= Beginning of Section =
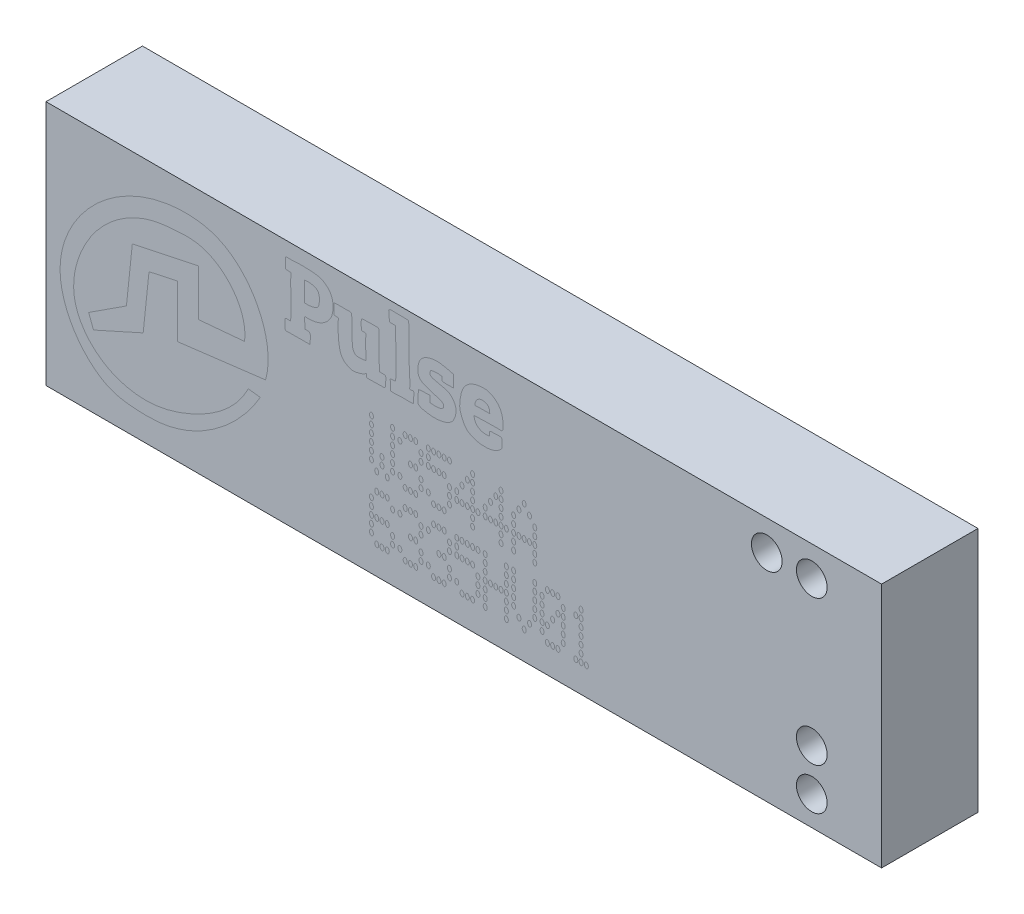
from build123d import *

# Parameters (mm, degrees)
SKETCH1_W           = 26
SKETCH1_H           = 7.65
BOSS_EXTRUDE1_DEPTH = 3
SKETCH4_R           = 0.47776384
CUT_EXTRUDE1_DEPTH  = 3


with BuildPart() as part:
    # Sketch1 → Boss-Extrude1 (new body)
    with BuildSketch(Plane.XY):
        Rectangle(SKETCH1_W, SKETCH1_H)
    extrude(amount=BOSS_EXTRUDE1_DEPTH)

    # Sketch4 → Cut-Extrude1 (cut)
    with BuildSketch(Plane.XY.offset(3)):
        with Locations((9.427906714, 2.887741852)):
            Circle(SKETCH4_R)
        with Locations((10.827906714, 2.887741852)):
            Circle(SKETCH4_R)
        with Locations((10.827906714, -1.617788566)):
            Circle(SKETCH4_R)
        with Locations((10.827906714, -2.917788566)):
            Circle(SKETCH4_R)
    extrude(amount=-CUT_EXTRUDE1_DEPTH, mode=Mode.SUBTRACT)


solid = part.part
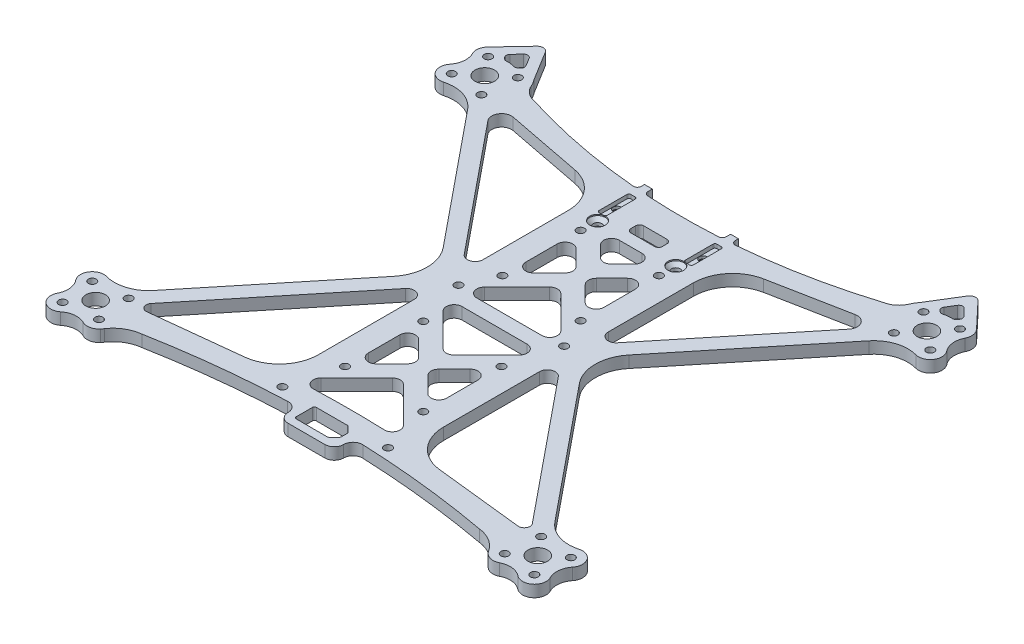
from build123d import *

# Parameters (mm, degrees)
SKETCH1_R                                      = 1
BASE_SHAPE_DEPTH                               = 2
CAMERA_MOUNT_POCKETS_DEPTH                     = 1
SKETCH3_R                                      = 1
THICKER_BASE_DEPTH                             = 1
SKETCH8_R                                      = 1
THICKER_CAMERA_MOUNT_POCKET_DEPTH              = 1
BATTERY_HOLDER_POCKETS_DEPTH                   = 1
BATTERY_HOLDER_HOLES_REACH                     = 55.417
SKETCH5_R                                      = 1.1
SKETCH7_R                                      = 1
SKETCH7_R_2                                    = 2.5
ARMS_DEPTH                                     = 3
MOTOR_PROTECTOR_FILLETS_R                      = 1
MOTOR_PROTECTOR_FILLETS_OF_ARMS_MIRROR_R       = 1
ARM_FILLETS_OUTER_R                            = 10
ARM_FILLETS_INNER_R                            = 2
ARM_LARGE_RADIUSES_REACH                       = 97.129
SKETCH11_W                                     = 2
SKETCH11_H                                     = 2.051249888
CAMERA_MOUNT_EXTENSION_DEPTH                   = 3
CAMERA_MOUNT_EXTENSION_FILLETS_R               = 1
CSK_FOR_M2_FLAT_HEAD_MACHINE_SCREW2_AT_2_COUNT = 2
CSK_FOR_M2_FLAT_HEAD_MACHINE_SCREW2_AT_2_PITCH = 22
CSK_FOR_M2_FLAT_HEAD_MACHINE_SCREW2_AT_3_COUNT = 2
CSK_FOR_M2_FLAT_HEAD_MACHINE_SCREW2_AT_3_PITCH = 10.373313116
CSK_FOR_M2_FLAT_HEAD_MACHINE_SCREW2_AT_4_COUNT = 2
CSK_FOR_M2_FLAT_HEAD_MACHINE_SCREW2_AT_4_PITCH = 23.400974873
CSK_FOR_M2_FLAT_HEAD_MACHINE_SCREW2_AT_5_COUNT = 2
CSK_FOR_M2_FLAT_HEAD_MACHINE_SCREW2_AT_5_PITCH = 30.341483566
CSK_FOR_M2_FLAT_HEAD_MACHINE_SCREW2_AT_6_COUNT = 2
CSK_FOR_M2_FLAT_HEAD_MACHINE_SCREW2_AT_6_PITCH = 36.886388072
CSK_FOR_M2_FLAT_HEAD_MACHINE_SCREW2_AT_7_COUNT = 2
CSK_FOR_M2_FLAT_HEAD_MACHINE_SCREW2_AT_7_PITCH = 50.559890229
CSK_FOR_M2_FLAT_HEAD_MACHINE_SCREW2_AT_8_COUNT = 2
CSK_FOR_M2_FLAT_HEAD_MACHINE_SCREW2_AT_8_PITCH = 54.738491941
CSK_FOR_M2_FLAT_HEAD_MACHINE_SCREW2_AT_9_COUNT = 2
CSK_FOR_M2_FLAT_HEAD_MACHINE_SCREW2_AT_9_PITCH = 70.557086816
CSK_FOR_M2_FLAT_HEAD_MACHINE_SCREW2_AT_1_COUNT = 2
CSK_FOR_M2_FLAT_HEAD_MACHINE_SCREW2_AT_1_PITCH = 73.60911968
CSK_FOR_M2_FLAT_HEAD_MACHINE_SCREW2_2_COUNT    = 2
CSK_FOR_M2_FLAT_HEAD_MACHINE_SCREW2_2_PITCH    = 38.132040334
CSK_FOR_M2_FLAT_HEAD_MACHINE_SCREW2_3_COUNT    = 2
CSK_FOR_M2_FLAT_HEAD_MACHINE_SCREW2_3_PITCH    = 45.255414041
CSK_FOR_M2_FLAT_HEAD_MACHINE_SCREW2_4_COUNT    = 2
CSK_FOR_M2_FLAT_HEAD_MACHINE_SCREW2_4_PITCH    = 83.087619415
CSK_FOR_M2_FLAT_HEAD_MACHINE_SCREW2_5_COUNT    = 2
CSK_FOR_M2_FLAT_HEAD_MACHINE_SCREW2_5_PITCH    = 86.588408578
CSK_FOR_M2_FLAT_HEAD_MACHINE_SCREW3_AT_2_COUNT = 2
CSK_FOR_M2_FLAT_HEAD_MACHINE_SCREW3_AT_2_PITCH = 20
GPS_CONNECTOR_HOLE_REACH                       = 97.129
TOP_WEIGHT_CUTS_REACH                          = 97.129
SKETCH29_W                                     = 14.2
SKETCH29_H                                     = 5
XT30_MATERIAL_DEPTH                            = 3
XT30_CUT_REACH                                 = 97.129
XT30_OUTSIDE_FILLETS_R                         = 2.4
XT30_INSIDE_FILLETS_R                          = 0.5


with BuildPart() as part:
    # Sketch1 → Base shape (new body)
    with BuildSketch(Plane(origin=(0, 0, 0), x_dir=(1, 0, 0), z_dir=(0, 1, 0))):
        with BuildLine():
            Line((-16, 47.925), (-16, -38.225))
            ThreePointArc((-16, -38.225), (-15.267766956, -39.99276695), (-13.500000008, -40.725))
            Line((-13.500000008, -40.725), (13.5, -40.725))
            ThreePointArc((13.5, -40.725), (15.267766953, -39.992766953), (16, -38.225))
            Line((16, -38.225), (16, 47.925))
            ThreePointArc((16, 47.925), (15.121320344, 50.046320344), (13, 50.925))
            Line((13, 50.925), (-13, 50.925))
            ThreePointArc((-13, 50.925), (-15.121320344, 50.046320344), (-16, 47.925))
        make_face()
        with Locations(Location((-13.5, -38.225, 0), (0, 0, 270))):
            Circle(SKETCH1_R, mode=Mode.SUBTRACT)
        with Locations(Location((13.5, -38.225, 0), (0, 0, 270))):
            Circle(SKETCH1_R, mode=Mode.SUBTRACT)
        with Locations(Location((10, -25.725, 0), (0, 0, 270))):
            Circle(SKETCH1_R, mode=Mode.SUBTRACT)
        with Locations(Location((-10, -25.725, 0), (0, 0, 270))):
            Circle(SKETCH1_R, mode=Mode.SUBTRACT)
        with Locations(Location((-10, -5.725, 0), (0, 0, 270))):
            Circle(SKETCH1_R, mode=Mode.SUBTRACT)
        with Locations(Location((10, -5.725, 0), (0, 0, 270))):
            Circle(SKETCH1_R, mode=Mode.SUBTRACT)
        with Locations(Location((-11, 44.825, 0), (0, 0, 270))):
            Circle(SKETCH1_R, mode=Mode.SUBTRACT)
        with Locations(Location((-10, 34.5, 0), (0, 0, 270))):
            Circle(SKETCH1_R, mode=Mode.SUBTRACT)
        with Locations(Location((10, 34.5, 0), (0, 0, 270))):
            Circle(SKETCH1_R, mode=Mode.SUBTRACT)
        with Locations(Location((10, 14.5, 0), (0, 0, 270))):
            Circle(SKETCH1_R, mode=Mode.SUBTRACT)
        with Locations(Location((-10, 14.5, 0), (0, 0, 270))):
            Circle(SKETCH1_R, mode=Mode.SUBTRACT)
        with Locations(Location((13.5, 6.775, 0), (0, 0, 270))):
            Circle(SKETCH1_R, mode=Mode.SUBTRACT)
        with Locations(Location((11, 44.825, 0), (0, 0, 270))):
            Circle(SKETCH1_R, mode=Mode.SUBTRACT)
        with Locations(Location((-13.5, 6.775, 0), (0, 0, 270))):
            Circle(SKETCH1_R, mode=Mode.SUBTRACT)
    extrude(amount=BASE_SHAPE_DEPTH)

    # Sketch2 → Camera mount pockets (cut)
    with BuildSketch(Plane.XZ.offset(-2)):
        with BuildLine():
            Line((11.55, -40.775), (10.45, -40.775))
            ThreePointArc((10.45, -40.775), (10.096446609, -40.921446609), (9.95, -41.275))
            Line((9.95, -41.275), (9.95, -48.375))
            ThreePointArc((9.95, -48.375), (10.096446609, -48.728553391), (10.45, -48.875))
            Line((10.45, -48.875), (11.55, -48.875))
            ThreePointArc((11.55, -48.875), (11.903553391, -48.728553391), (12.05, -48.375))
            Line((12.05, -48.375), (12.05, -41.275))
            ThreePointArc((12.05, -41.275), (11.903553391, -40.921446609), (11.55, -40.775))
        make_face()
        with BuildLine():
            Line((-11.55, -40.775), (-10.45, -40.775))
            ThreePointArc((-10.45, -40.775), (-10.096446609, -40.921446609), (-9.95, -41.275))
            Line((-9.95, -41.275), (-9.95, -48.375))
            ThreePointArc((-9.95, -48.375), (-10.096446609, -48.728553391), (-10.45, -48.875))
            Line((-10.45, -48.875), (-11.55, -48.875))
            ThreePointArc((-11.55, -48.875), (-11.903553391, -48.728553391), (-12.05, -48.375))
            Line((-12.05, -48.375), (-12.05, -41.275))
            ThreePointArc((-12.05, -41.275), (-11.903553391, -40.921446609), (-11.55, -40.775))
        make_face()
    extrude(amount=CAMERA_MOUNT_POCKETS_DEPTH, mode=Mode.SUBTRACT)

    # Sketch3 → Thicker base (add)
    with BuildSketch(Plane(origin=(0, 2, 0), x_dir=(1, 0, 0), z_dir=(0, 1, 0))):
        with BuildLine():
            Line((-16, 47.925), (-16, -38.225))
            ThreePointArc((-16, -38.225), (-15.267766953, -39.992766953), (-13.5, -40.725))
            Line((-13.5, -40.725), (13.5, -40.725))
            ThreePointArc((13.5, -40.725), (15.267766953, -39.992766953), (16, -38.225))
            Line((16, -38.225), (16, 47.925))
            ThreePointArc((16, 47.925), (15.121320344, 50.046320344), (13, 50.925))
            Line((13, 50.925), (-13, 50.925))
            ThreePointArc((-13, 50.925), (-15.121320344, 50.046320344), (-16, 47.925))
        make_face()
        with Locations(Location((10, 14.5, 0), (0, 0, 270))):
            Circle(SKETCH3_R, mode=Mode.SUBTRACT)
        with Locations(Location((10, 34.5, 0), (0, 0, 270))):
            Circle(SKETCH3_R, mode=Mode.SUBTRACT)
        with Locations(Location((-10, 34.5, 0), (0, 0, 270))):
            Circle(SKETCH3_R, mode=Mode.SUBTRACT)
        with Locations(Location((-10, 14.5, 0), (0, 0, 270))):
            Circle(SKETCH3_R, mode=Mode.SUBTRACT)
        with Locations(Location((13.5, 6.775, 0), (0, 0, 270))):
            Circle(SKETCH3_R, mode=Mode.SUBTRACT)
        with Locations(Location((10, -5.725, 0), (0, 0, 270))):
            Circle(SKETCH3_R, mode=Mode.SUBTRACT)
        with Locations(Location((10, -25.725, 0), (0, 0, 270))):
            Circle(SKETCH3_R, mode=Mode.SUBTRACT)
        with Locations(Location((-10, -25.725, 0), (0, 0, 270))):
            Circle(SKETCH3_R, mode=Mode.SUBTRACT)
        with Locations(Location((-10, -5.725, 0), (0, 0, 270))):
            Circle(SKETCH3_R, mode=Mode.SUBTRACT)
        with Locations(Location((13.5, -38.225, 0), (0, 0, 270))):
            Circle(SKETCH3_R, mode=Mode.SUBTRACT)
        with Locations(Location((-13.5, -38.225, 0), (0, 0, 270))):
            Circle(SKETCH3_R, mode=Mode.SUBTRACT)
        with Locations(Location((-13.5, 6.775, 0), (0, 0, 270))):
            Circle(SKETCH3_R, mode=Mode.SUBTRACT)
        with BuildLine():
            Line((-11.55, 48.875), (-10.45, 48.875))
            ThreePointArc((-10.45, 48.875), (-10.096446609, 48.728553391), (-9.95, 48.375))
            Line((-9.95, 48.375), (-9.95, 41.275))
            ThreePointArc((-9.95, 41.275), (-10.096446609, 40.921446609), (-10.45, 40.775))
            Line((-10.45, 40.775), (-11.55, 40.775))
            ThreePointArc((-11.55, 40.775), (-11.903553391, 40.921446609), (-12.05, 41.275))
            Line((-12.05, 41.275), (-12.05, 48.375))
            ThreePointArc((-12.05, 48.375), (-11.903553391, 48.728553391), (-11.55, 48.875))
        make_face(mode=Mode.SUBTRACT)
        with BuildLine():
            Line((10.45, 48.875), (11.55, 48.875))
            ThreePointArc((11.55, 48.875), (11.903553391, 48.728553391), (12.05, 48.375))
            Line((12.05, 48.375), (12.05, 41.275))
            ThreePointArc((12.05, 41.275), (11.903553391, 40.921446609), (11.55, 40.775))
            Line((11.55, 40.775), (10.45, 40.775))
            ThreePointArc((10.45, 40.775), (10.096446609, 40.921446609), (9.95, 41.275))
            Line((9.95, 41.275), (9.95, 48.375))
            ThreePointArc((9.95, 48.375), (10.096446609, 48.728553391), (10.45, 48.875))
        make_face(mode=Mode.SUBTRACT)
    extrude(amount=THICKER_BASE_DEPTH)

    # Sketch8 → Thicker camera mount pocket (add)
    with BuildSketch(Plane(origin=(0, 1, 0), x_dir=(1, 0, 0), z_dir=(0, 1, 0))):
        with BuildLine():
            Line((-9.95, 41.275), (-9.95, 48.375))
            ThreePointArc((-9.95, 48.375), (-10.096446609, 48.728553391), (-10.45, 48.875))
            Line((-10.45, 48.875), (-11.55, 48.875))
            ThreePointArc((-11.55, 48.875), (-11.903553391, 48.728553391), (-12.05, 48.375))
            Line((-12.05, 48.375), (-12.05, 41.275))
            ThreePointArc((-12.05, 41.275), (-11.903553391, 40.921446609), (-11.55, 40.775))
            Line((-11.55, 40.775), (-10.45, 40.775))
            ThreePointArc((-10.45, 40.775), (-10.096446609, 40.921446609), (-9.95, 41.275))
        make_face()
        with Locations(Location((-11, 44.825, 0), (0, 0, 270))):
            Circle(SKETCH8_R, mode=Mode.SUBTRACT)
        with BuildLine():
            Line((11.55, 48.875), (10.45, 48.875))
            ThreePointArc((10.45, 48.875), (10.096446609, 48.728553391), (9.95, 48.375))
            Line((9.95, 48.375), (9.95, 41.275))
            ThreePointArc((9.95, 41.275), (10.096446609, 40.921446609), (10.45, 40.775))
            Line((10.45, 40.775), (11.55, 40.775))
            ThreePointArc((11.55, 40.775), (11.903553391, 40.921446609), (12.05, 41.275))
            Line((12.05, 41.275), (12.05, 48.375))
            ThreePointArc((12.05, 48.375), (11.903553391, 48.728553391), (11.55, 48.875))
        make_face()
        with Locations(Location((11, 44.825, 0), (0, 0, 270))):
            Circle(SKETCH8_R, mode=Mode.SUBTRACT)
    extrude(amount=THICKER_CAMERA_MOUNT_POCKET_DEPTH)

    # Sketch4 → Battery holder pockets (cut)
    with BuildSketch(Plane.XZ):
        with BuildLine():
            Line((-13.55, -37.275), (-6.45, -37.275))
            ThreePointArc((-6.45, -37.275), (-6.096446609, -37.421446609), (-5.95, -37.775))
            Line((-5.95, -37.775), (-5.95, -39.875))
            ThreePointArc((-5.95, -39.875), (-6.096446609, -40.228553391), (-6.45, -40.375))
            Line((-6.45, -40.375), (-13.55, -40.375))
            ThreePointArc((-13.55, -40.375), (-13.903553391, -40.228553391), (-14.05, -39.875))
            Line((-14.05, -39.875), (-14.05, -37.775))
            ThreePointArc((-14.05, -37.775), (-13.903553391, -37.421446609), (-13.55, -37.275))
        make_face()
        with BuildLine():
            Line((13.55, -37.275), (6.45, -37.275))
            ThreePointArc((6.45, -37.275), (6.096446609, -37.421446609), (5.95, -37.775))
            Line((5.95, -37.775), (5.95, -39.875))
            ThreePointArc((5.95, -39.875), (6.096446609, -40.228553391), (6.45, -40.375))
            Line((6.45, -40.375), (13.55, -40.375))
            ThreePointArc((13.55, -40.375), (13.903553391, -40.228553391), (14.05, -39.875))
            Line((14.05, -39.875), (14.05, -37.775))
            ThreePointArc((14.05, -37.775), (13.903553391, -37.421446609), (13.55, -37.275))
        make_face()
    extrude(amount=-BATTERY_HOLDER_POCKETS_DEPTH, mode=Mode.SUBTRACT)

    # Sketch5 → Battery holder holes (cut, up to next)
    with BuildSketch(Plane.XZ.offset(-1), mode=Mode.PRIVATE) as battery_holder_holes_sk1:
        with Locations(Location((-10, -38.825, 0), (0, 0, 270))):
            Circle(SKETCH5_R)
    battery_holder_holes_tool1 = extrude(battery_holder_holes_sk1.sketch, amount=-BATTERY_HOLDER_HOLES_REACH, mode=Mode.PRIVATE) & part.part
    # Sketch5 → Battery holder holes (cut, up to next)
    with BuildSketch(Plane.XZ.offset(-1), mode=Mode.PRIVATE) as battery_holder_holes_sk2:
        with Locations(Location((10, -38.825, 0), (0, 0, 90))):
            Circle(SKETCH5_R)
    battery_holder_holes_tool2 = extrude(battery_holder_holes_sk2.sketch, amount=-BATTERY_HOLDER_HOLES_REACH, mode=Mode.PRIVATE) & part.part
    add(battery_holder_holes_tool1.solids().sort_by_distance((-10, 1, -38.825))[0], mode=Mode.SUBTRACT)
= End of Section =
● Exercise requirements: An exact copy of the lines above, from the one containing "CSK_FOR_M2_FLAT_HEAD_MACHINE_SCREW2_AT_6_PITCH = 36.886388072" through the one containing "# Sketch1 → Base shape (new body)", is the whole of the answer.

● Expected answer:
CSK_FOR_M2_FLAT_HEAD_MACHINE_SCREW2_AT_6_PITCH = 36.886388072
CSK_FOR_M2_FLAT_HEAD_MACHINE_SCREW2_AT_7_COUNT = 2
CSK_FOR_M2_FLAT_HEAD_MACHINE_SCREW2_AT_7_PITCH = 50.559890229
CSK_FOR_M2_FLAT_HEAD_MACHINE_SCREW2_AT_8_COUNT = 2
CSK_FOR_M2_FLAT_HEAD_MACHINE_SCREW2_AT_8_PITCH = 54.738491941
CSK_FOR_M2_FLAT_HEAD_MACHINE_SCREW2_AT_9_COUNT = 2
CSK_FOR_M2_FLAT_HEAD_MACHINE_SCREW2_AT_9_PITCH = 70.557086816
CSK_FOR_M2_FLAT_HEAD_MACHINE_SCREW2_AT_1_COUNT = 2
CSK_FOR_M2_FLAT_HEAD_MACHINE_SCREW2_AT_1_PITCH = 73.60911968
CSK_FOR_M2_FLAT_HEAD_MACHINE_SCREW2_2_COUNT    = 2
CSK_FOR_M2_FLAT_HEAD_MACHINE_SCREW2_2_PITCH    = 38.132040334
CSK_FOR_M2_FLAT_HEAD_MACHINE_SCREW2_3_COUNT    = 2
CSK_FOR_M2_FLAT_HEAD_MACHINE_SCREW2_3_PITCH    = 45.255414041
CSK_FOR_M2_FLAT_HEAD_MACHINE_SCREW2_4_COUNT    = 2
CSK_FOR_M2_FLAT_HEAD_MACHINE_SCREW2_4_PITCH    = 83.087619415
CSK_FOR_M2_FLAT_HEAD_MACHINE_SCREW2_5_COUNT    = 2
CSK_FOR_M2_FLAT_HEAD_MACHINE_SCREW2_5_PITCH    = 86.588408578
CSK_FOR_M2_FLAT_HEAD_MACHINE_SCREW3_AT_2_COUNT = 2
CSK_FOR_M2_FLAT_HEAD_MACHINE_SCREW3_AT_2_PITCH = 20
GPS_CONNECTOR_HOLE_REACH                       = 97.129
TOP_WEIGHT_CUTS_REACH                          = 97.129
SKETCH29_W                                     = 14.2
SKETCH29_H                                     = 5
XT30_MATERIAL_DEPTH                            = 3
XT30_CUT_REACH                                 = 97.129
XT30_OUTSIDE_FILLETS_R                         = 2.4
XT30_INSIDE_FILLETS_R                          = 0.5


with BuildPart() as part:
    # Sketch1 → Base shape (new body)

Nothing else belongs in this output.